> Aim of the exercise: Among the entries below, please repeat exactly and only the lines from the line containing "1.6), (0, 1.6)])" to the line containing "(-3.157, 3.157), [])])", both lines included.

Excerpts from a dataset:
---
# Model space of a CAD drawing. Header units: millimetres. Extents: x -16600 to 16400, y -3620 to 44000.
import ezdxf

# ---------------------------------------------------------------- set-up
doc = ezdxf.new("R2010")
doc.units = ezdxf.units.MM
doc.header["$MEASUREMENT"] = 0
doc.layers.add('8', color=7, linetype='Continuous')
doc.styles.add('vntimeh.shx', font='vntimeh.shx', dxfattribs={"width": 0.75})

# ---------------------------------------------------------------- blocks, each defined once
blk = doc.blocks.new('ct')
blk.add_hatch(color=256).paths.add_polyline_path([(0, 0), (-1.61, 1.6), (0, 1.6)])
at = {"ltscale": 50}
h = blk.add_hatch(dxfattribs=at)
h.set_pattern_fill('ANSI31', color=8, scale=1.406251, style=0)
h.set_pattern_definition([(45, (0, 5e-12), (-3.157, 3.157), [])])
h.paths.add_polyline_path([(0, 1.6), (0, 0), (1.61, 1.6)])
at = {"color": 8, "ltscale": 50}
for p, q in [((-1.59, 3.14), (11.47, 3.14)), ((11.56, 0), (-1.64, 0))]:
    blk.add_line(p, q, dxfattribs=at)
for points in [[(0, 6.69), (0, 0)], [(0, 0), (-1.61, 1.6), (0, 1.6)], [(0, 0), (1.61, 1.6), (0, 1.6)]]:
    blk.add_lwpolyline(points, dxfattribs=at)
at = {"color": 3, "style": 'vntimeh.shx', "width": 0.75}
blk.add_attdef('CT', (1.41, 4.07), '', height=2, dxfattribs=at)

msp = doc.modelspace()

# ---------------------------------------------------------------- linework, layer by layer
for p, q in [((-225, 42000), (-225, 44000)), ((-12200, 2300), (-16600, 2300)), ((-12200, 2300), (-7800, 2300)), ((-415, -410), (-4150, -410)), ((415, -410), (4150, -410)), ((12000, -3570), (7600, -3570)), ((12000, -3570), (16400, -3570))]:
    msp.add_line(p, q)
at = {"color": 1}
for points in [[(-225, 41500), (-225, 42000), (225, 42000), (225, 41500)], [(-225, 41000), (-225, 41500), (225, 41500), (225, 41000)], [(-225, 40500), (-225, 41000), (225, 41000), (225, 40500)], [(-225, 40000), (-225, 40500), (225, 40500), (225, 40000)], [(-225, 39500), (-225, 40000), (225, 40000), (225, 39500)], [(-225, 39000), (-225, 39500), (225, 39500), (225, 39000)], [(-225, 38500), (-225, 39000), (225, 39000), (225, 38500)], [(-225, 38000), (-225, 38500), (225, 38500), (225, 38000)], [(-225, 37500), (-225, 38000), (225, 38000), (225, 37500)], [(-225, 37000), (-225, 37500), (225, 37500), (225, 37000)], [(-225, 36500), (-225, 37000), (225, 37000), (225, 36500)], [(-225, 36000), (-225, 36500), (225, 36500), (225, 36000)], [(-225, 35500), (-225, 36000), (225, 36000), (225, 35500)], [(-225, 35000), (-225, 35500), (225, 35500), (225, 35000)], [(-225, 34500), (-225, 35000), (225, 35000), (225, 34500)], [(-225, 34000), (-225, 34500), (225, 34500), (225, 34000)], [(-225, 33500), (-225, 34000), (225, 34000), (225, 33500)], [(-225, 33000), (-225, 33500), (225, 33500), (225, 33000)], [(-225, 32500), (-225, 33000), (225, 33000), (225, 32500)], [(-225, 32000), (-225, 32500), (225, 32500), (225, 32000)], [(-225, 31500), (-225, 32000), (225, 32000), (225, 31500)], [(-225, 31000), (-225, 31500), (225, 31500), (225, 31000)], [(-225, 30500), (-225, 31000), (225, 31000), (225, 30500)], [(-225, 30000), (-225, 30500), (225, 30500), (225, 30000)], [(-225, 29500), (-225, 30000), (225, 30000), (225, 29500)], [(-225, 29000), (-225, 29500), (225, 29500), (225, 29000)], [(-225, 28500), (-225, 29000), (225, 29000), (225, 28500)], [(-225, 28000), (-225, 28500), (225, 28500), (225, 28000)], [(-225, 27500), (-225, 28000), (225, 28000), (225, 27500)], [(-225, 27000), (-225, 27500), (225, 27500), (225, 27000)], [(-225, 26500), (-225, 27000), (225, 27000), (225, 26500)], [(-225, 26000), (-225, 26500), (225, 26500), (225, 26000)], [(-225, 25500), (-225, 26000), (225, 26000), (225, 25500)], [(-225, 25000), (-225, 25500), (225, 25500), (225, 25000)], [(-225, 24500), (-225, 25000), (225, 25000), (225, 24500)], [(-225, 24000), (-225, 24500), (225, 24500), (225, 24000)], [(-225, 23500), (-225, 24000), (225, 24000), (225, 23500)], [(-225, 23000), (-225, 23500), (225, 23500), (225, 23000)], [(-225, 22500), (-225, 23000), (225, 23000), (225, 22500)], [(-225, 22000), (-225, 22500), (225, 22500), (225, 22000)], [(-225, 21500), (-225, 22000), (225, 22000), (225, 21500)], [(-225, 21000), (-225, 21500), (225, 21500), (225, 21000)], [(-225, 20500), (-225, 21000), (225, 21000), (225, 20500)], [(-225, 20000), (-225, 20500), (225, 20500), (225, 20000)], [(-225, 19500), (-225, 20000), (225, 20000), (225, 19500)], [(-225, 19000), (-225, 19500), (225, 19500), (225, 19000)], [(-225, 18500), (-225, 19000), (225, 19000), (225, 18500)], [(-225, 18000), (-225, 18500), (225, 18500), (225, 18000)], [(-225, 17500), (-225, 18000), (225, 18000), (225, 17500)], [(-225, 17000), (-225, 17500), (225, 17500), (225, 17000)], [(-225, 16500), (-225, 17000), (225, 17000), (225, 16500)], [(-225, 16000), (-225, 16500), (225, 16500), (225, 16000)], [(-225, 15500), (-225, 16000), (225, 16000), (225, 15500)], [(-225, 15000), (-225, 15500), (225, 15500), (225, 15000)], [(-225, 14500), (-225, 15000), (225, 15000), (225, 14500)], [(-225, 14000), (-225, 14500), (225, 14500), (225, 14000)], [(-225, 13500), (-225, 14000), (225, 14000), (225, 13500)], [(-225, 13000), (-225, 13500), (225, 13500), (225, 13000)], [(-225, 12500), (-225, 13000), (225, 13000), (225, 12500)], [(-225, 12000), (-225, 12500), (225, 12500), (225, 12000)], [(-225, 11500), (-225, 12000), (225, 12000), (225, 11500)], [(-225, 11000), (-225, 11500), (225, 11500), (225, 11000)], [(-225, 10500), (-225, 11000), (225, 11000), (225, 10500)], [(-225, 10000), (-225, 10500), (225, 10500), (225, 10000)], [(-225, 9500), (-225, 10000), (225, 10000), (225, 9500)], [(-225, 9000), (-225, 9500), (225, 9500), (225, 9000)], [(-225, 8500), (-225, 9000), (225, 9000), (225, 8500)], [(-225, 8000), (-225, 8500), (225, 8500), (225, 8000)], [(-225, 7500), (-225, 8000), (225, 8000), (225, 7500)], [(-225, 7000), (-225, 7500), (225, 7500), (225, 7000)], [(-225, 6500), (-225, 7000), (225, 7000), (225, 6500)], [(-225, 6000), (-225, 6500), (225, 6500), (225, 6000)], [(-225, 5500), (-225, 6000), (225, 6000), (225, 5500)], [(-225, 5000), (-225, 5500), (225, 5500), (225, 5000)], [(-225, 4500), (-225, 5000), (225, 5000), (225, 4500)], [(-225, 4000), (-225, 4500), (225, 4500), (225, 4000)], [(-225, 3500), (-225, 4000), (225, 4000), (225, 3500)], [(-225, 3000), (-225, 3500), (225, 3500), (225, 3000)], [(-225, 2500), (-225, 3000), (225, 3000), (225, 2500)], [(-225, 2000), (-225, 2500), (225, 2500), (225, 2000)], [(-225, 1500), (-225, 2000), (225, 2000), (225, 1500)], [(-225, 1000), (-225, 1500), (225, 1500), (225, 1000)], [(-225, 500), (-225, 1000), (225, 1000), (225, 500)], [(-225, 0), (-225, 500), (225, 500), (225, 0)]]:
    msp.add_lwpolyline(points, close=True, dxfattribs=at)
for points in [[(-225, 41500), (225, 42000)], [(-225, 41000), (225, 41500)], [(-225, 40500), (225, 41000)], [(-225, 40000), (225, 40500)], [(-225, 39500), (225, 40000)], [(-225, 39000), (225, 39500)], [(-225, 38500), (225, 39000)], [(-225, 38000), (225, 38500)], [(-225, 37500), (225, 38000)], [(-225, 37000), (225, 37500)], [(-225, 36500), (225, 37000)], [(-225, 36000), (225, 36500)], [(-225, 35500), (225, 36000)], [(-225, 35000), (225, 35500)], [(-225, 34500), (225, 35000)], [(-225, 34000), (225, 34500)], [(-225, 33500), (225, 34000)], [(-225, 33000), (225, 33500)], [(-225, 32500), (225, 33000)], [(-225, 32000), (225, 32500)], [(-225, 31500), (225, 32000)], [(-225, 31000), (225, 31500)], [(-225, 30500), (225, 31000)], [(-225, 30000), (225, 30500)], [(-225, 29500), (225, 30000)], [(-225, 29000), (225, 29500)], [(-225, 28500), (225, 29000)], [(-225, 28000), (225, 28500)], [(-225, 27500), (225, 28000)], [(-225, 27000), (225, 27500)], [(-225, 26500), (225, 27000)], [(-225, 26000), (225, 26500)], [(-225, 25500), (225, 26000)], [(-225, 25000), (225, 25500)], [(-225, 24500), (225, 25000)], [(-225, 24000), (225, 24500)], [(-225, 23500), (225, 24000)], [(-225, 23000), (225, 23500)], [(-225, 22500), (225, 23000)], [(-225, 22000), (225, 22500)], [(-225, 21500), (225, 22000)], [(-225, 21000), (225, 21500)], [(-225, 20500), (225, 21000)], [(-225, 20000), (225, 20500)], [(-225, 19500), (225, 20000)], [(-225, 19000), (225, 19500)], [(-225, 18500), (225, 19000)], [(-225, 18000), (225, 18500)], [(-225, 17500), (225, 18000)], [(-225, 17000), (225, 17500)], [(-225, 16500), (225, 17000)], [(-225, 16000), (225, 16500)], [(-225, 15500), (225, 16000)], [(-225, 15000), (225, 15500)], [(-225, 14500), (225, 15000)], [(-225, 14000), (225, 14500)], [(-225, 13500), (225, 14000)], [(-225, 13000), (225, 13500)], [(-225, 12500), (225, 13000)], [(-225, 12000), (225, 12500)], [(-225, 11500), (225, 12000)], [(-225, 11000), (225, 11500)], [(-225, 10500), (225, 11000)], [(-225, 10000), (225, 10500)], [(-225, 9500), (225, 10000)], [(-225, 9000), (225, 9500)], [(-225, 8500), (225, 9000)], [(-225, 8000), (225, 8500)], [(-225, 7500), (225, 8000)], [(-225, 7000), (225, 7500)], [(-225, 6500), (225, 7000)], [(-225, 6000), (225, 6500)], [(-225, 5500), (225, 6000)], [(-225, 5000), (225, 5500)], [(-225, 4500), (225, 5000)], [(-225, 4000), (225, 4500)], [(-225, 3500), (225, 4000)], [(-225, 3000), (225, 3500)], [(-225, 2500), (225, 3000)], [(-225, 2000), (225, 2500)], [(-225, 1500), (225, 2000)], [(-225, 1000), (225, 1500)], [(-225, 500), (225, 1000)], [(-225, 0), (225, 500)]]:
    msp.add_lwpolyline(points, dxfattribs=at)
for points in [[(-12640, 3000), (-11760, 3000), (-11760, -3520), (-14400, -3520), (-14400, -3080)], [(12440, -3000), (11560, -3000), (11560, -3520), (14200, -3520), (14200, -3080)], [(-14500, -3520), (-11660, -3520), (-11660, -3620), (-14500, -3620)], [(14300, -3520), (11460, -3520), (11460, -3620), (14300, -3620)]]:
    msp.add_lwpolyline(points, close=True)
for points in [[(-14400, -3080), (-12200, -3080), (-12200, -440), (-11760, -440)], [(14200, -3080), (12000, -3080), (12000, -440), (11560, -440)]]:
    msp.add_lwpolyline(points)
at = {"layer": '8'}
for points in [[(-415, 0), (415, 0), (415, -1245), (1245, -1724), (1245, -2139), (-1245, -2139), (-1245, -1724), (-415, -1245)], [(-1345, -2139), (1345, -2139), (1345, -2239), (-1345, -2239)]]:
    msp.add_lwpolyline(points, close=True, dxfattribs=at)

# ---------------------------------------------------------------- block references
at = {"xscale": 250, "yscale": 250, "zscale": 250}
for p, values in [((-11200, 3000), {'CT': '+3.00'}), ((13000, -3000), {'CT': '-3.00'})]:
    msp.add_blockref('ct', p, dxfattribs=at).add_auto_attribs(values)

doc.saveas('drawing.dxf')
---
> Result:
blk.add_hatch(color=256).paths.add_polyline_path([(0, 0), (-1.61, 1.6), (0, 1.6)])
at = {"ltscale": 50}
h = blk.add_hatch(dxfattribs=at)
h.set_pattern_fill('ANSI31', color=8, scale=1.406251, style=0)
h.set_pattern_definition([(45, (0, 5e-12), (-3.157, 3.157), [])])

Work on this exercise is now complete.